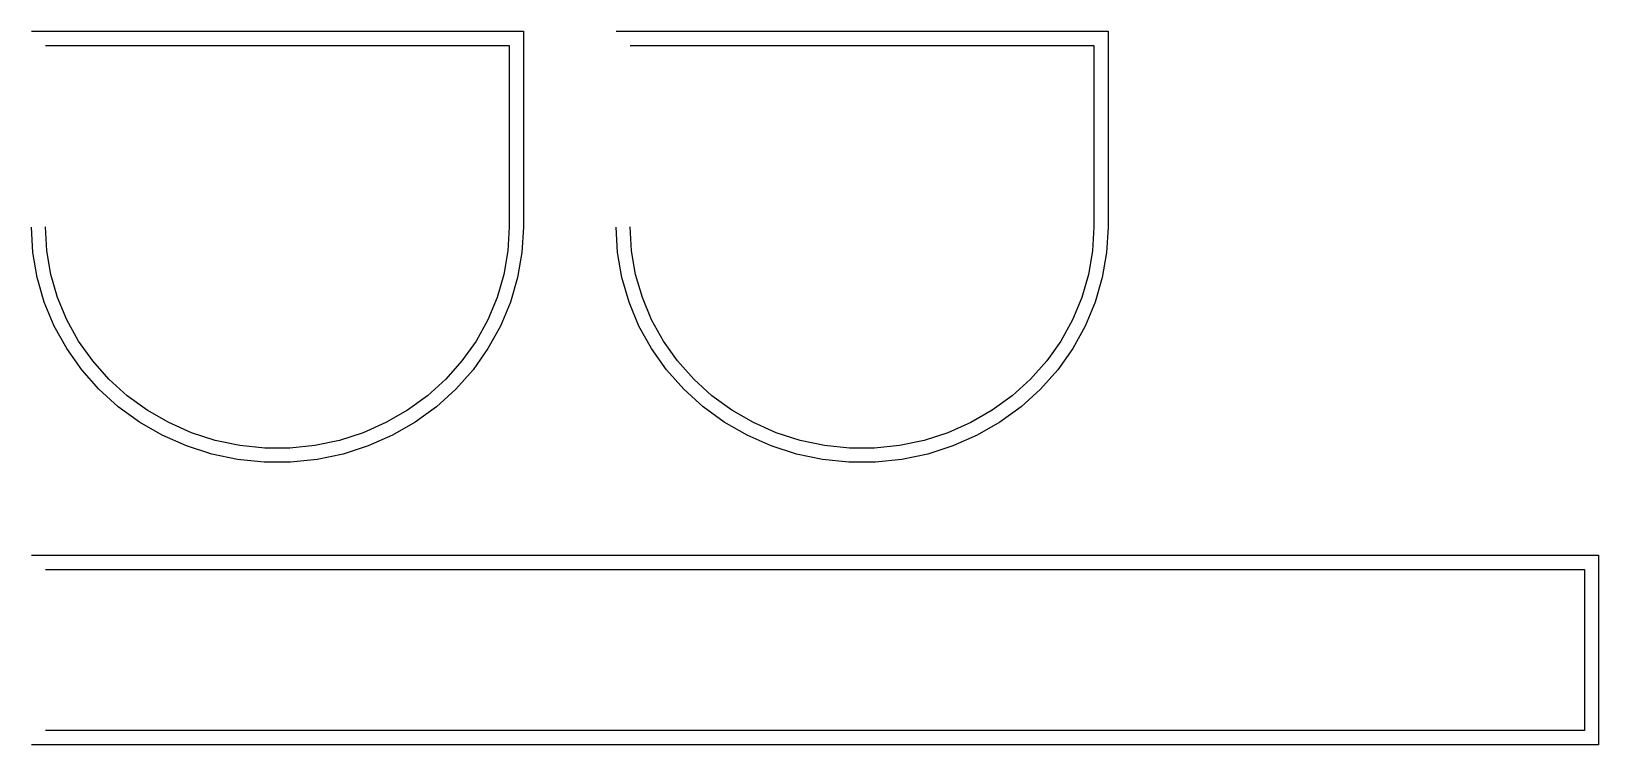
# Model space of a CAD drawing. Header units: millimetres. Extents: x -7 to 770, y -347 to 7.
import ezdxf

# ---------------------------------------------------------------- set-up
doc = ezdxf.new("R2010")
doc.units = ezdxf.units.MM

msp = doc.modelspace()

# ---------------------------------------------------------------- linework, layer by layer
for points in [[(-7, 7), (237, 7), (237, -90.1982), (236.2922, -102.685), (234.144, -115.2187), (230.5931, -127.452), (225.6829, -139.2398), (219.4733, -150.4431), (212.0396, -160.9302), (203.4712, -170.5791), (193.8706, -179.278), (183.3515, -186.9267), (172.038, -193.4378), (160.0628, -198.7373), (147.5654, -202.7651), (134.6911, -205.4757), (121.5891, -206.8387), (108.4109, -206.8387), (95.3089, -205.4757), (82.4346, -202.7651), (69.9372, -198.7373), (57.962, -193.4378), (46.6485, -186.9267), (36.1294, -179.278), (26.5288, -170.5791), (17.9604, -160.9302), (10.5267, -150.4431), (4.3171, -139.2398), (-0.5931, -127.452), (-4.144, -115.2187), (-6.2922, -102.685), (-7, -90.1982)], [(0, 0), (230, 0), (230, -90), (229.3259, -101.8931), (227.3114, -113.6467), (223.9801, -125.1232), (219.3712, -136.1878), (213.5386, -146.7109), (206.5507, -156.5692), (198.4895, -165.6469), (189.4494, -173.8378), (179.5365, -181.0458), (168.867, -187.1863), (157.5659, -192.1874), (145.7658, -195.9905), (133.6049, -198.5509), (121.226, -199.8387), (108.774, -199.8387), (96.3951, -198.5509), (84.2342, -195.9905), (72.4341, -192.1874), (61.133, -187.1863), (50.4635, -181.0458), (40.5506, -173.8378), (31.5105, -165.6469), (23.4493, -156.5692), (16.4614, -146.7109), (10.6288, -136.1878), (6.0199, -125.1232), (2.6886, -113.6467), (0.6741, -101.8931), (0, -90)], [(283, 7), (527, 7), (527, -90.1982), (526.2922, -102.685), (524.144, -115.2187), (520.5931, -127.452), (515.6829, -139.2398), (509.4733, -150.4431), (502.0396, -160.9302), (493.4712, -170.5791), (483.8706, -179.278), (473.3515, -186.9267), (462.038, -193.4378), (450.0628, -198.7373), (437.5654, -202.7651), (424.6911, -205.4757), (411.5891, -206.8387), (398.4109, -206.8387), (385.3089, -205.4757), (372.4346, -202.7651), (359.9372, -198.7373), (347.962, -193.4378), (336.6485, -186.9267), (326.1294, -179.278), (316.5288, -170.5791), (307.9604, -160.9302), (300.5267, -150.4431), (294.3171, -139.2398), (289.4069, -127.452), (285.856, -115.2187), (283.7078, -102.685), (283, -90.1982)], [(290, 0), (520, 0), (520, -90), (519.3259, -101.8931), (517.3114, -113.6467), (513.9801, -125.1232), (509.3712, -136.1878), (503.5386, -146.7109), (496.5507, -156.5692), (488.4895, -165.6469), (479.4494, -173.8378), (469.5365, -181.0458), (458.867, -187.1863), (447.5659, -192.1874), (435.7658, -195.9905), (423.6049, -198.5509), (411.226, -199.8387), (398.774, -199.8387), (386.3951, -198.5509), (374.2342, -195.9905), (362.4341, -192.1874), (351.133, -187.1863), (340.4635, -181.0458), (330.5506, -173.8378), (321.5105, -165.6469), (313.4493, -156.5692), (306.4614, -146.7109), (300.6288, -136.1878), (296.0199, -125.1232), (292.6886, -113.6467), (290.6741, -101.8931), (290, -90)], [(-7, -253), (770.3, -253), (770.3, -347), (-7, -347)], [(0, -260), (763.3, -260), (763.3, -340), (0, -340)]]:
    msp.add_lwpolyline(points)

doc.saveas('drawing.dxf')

● ● ● ● ●

**WHAT NEEDS TO BE DONE:**
Return all of the material precisely as written. No picture belongs in it.

**EXPECTED OUTPUT:**
# Model space of a CAD drawing. Header units: millimetres. Extents: x -7 to 770, y -347 to 7.
import ezdxf

# ---------------------------------------------------------------- set-up
doc = ezdxf.new("R2010")
doc.units = ezdxf.units.MM

msp = doc.modelspace()

# ---------------------------------------------------------------- linework, layer by layer
for points in [[(-7, 7), (237, 7), (237, -90.1982), (236.2922, -102.685), (234.144, -115.2187), (230.5931, -127.452), (225.6829, -139.2398), (219.4733, -150.4431), (212.0396, -160.9302), (203.4712, -170.5791), (193.8706, -179.278), (183.3515, -186.9267), (172.038, -193.4378), (160.0628, -198.7373), (147.5654, -202.7651), (134.6911, -205.4757), (121.5891, -206.8387), (108.4109, -206.8387), (95.3089, -205.4757), (82.4346, -202.7651), (69.9372, -198.7373), (57.962, -193.4378), (46.6485, -186.9267), (36.1294, -179.278), (26.5288, -170.5791), (17.9604, -160.9302), (10.5267, -150.4431), (4.3171, -139.2398), (-0.5931, -127.452), (-4.144, -115.2187), (-6.2922, -102.685), (-7, -90.1982)], [(0, 0), (230, 0), (230, -90), (229.3259, -101.8931), (227.3114, -113.6467), (223.9801, -125.1232), (219.3712, -136.1878), (213.5386, -146.7109), (206.5507, -156.5692), (198.4895, -165.6469), (189.4494, -173.8378), (179.5365, -181.0458), (168.867, -187.1863), (157.5659, -192.1874), (145.7658, -195.9905), (133.6049, -198.5509), (121.226, -199.8387), (108.774, -199.8387), (96.3951, -198.5509), (84.2342, -195.9905), (72.4341, -192.1874), (61.133, -187.1863), (50.4635, -181.0458), (40.5506, -173.8378), (31.5105, -165.6469), (23.4493, -156.5692), (16.4614, -146.7109), (10.6288, -136.1878), (6.0199, -125.1232), (2.6886, -113.6467), (0.6741, -101.8931), (0, -90)], [(283, 7), (527, 7), (527, -90.1982), (526.2922, -102.685), (524.144, -115.2187), (520.5931, -127.452), (515.6829, -139.2398), (509.4733, -150.4431), (502.0396, -160.9302), (493.4712, -170.5791), (483.8706, -179.278), (473.3515, -186.9267), (462.038, -193.4378), (450.0628, -198.7373), (437.5654, -202.7651), (424.6911, -205.4757), (411.5891, -206.8387), (398.4109, -206.8387), (385.3089, -205.4757), (372.4346, -202.7651), (359.9372, -198.7373), (347.962, -193.4378), (336.6485, -186.9267), (326.1294, -179.278), (316.5288, -170.5791), (307.9604, -160.9302), (300.5267, -150.4431), (294.3171, -139.2398), (289.4069, -127.452), (285.856, -115.2187), (283.7078, -102.685), (283, -90.1982)], [(290, 0), (520, 0), (520, -90), (519.3259, -101.8931), (517.3114, -113.6467), (513.9801, -125.1232), (509.3712, -136.1878), (503.5386, -146.7109), (496.5507, -156.5692), (488.4895, -165.6469), (479.4494, -173.8378), (469.5365, -181.0458), (458.867, -187.1863), (447.5659, -192.1874), (435.7658, -195.9905), (423.6049, -198.5509), (411.226, -199.8387), (398.774, -199.8387), (386.3951, -198.5509), (374.2342, -195.9905), (362.4341, -192.1874), (351.133, -187.1863), (340.4635, -181.0458), (330.5506, -173.8378), (321.5105, -165.6469), (313.4493, -156.5692), (306.4614, -146.7109), (300.6288, -136.1878), (296.0199, -125.1232), (292.6886, -113.6467), (290.6741, -101.8931), (290, -90)], [(-7, -253), (770.3, -253), (770.3, -347), (-7, -347)], [(0, -260), (763.3, -260), (763.3, -340), (0, -340)]]:
    msp.add_lwpolyline(points)

doc.saveas('drawing.dxf')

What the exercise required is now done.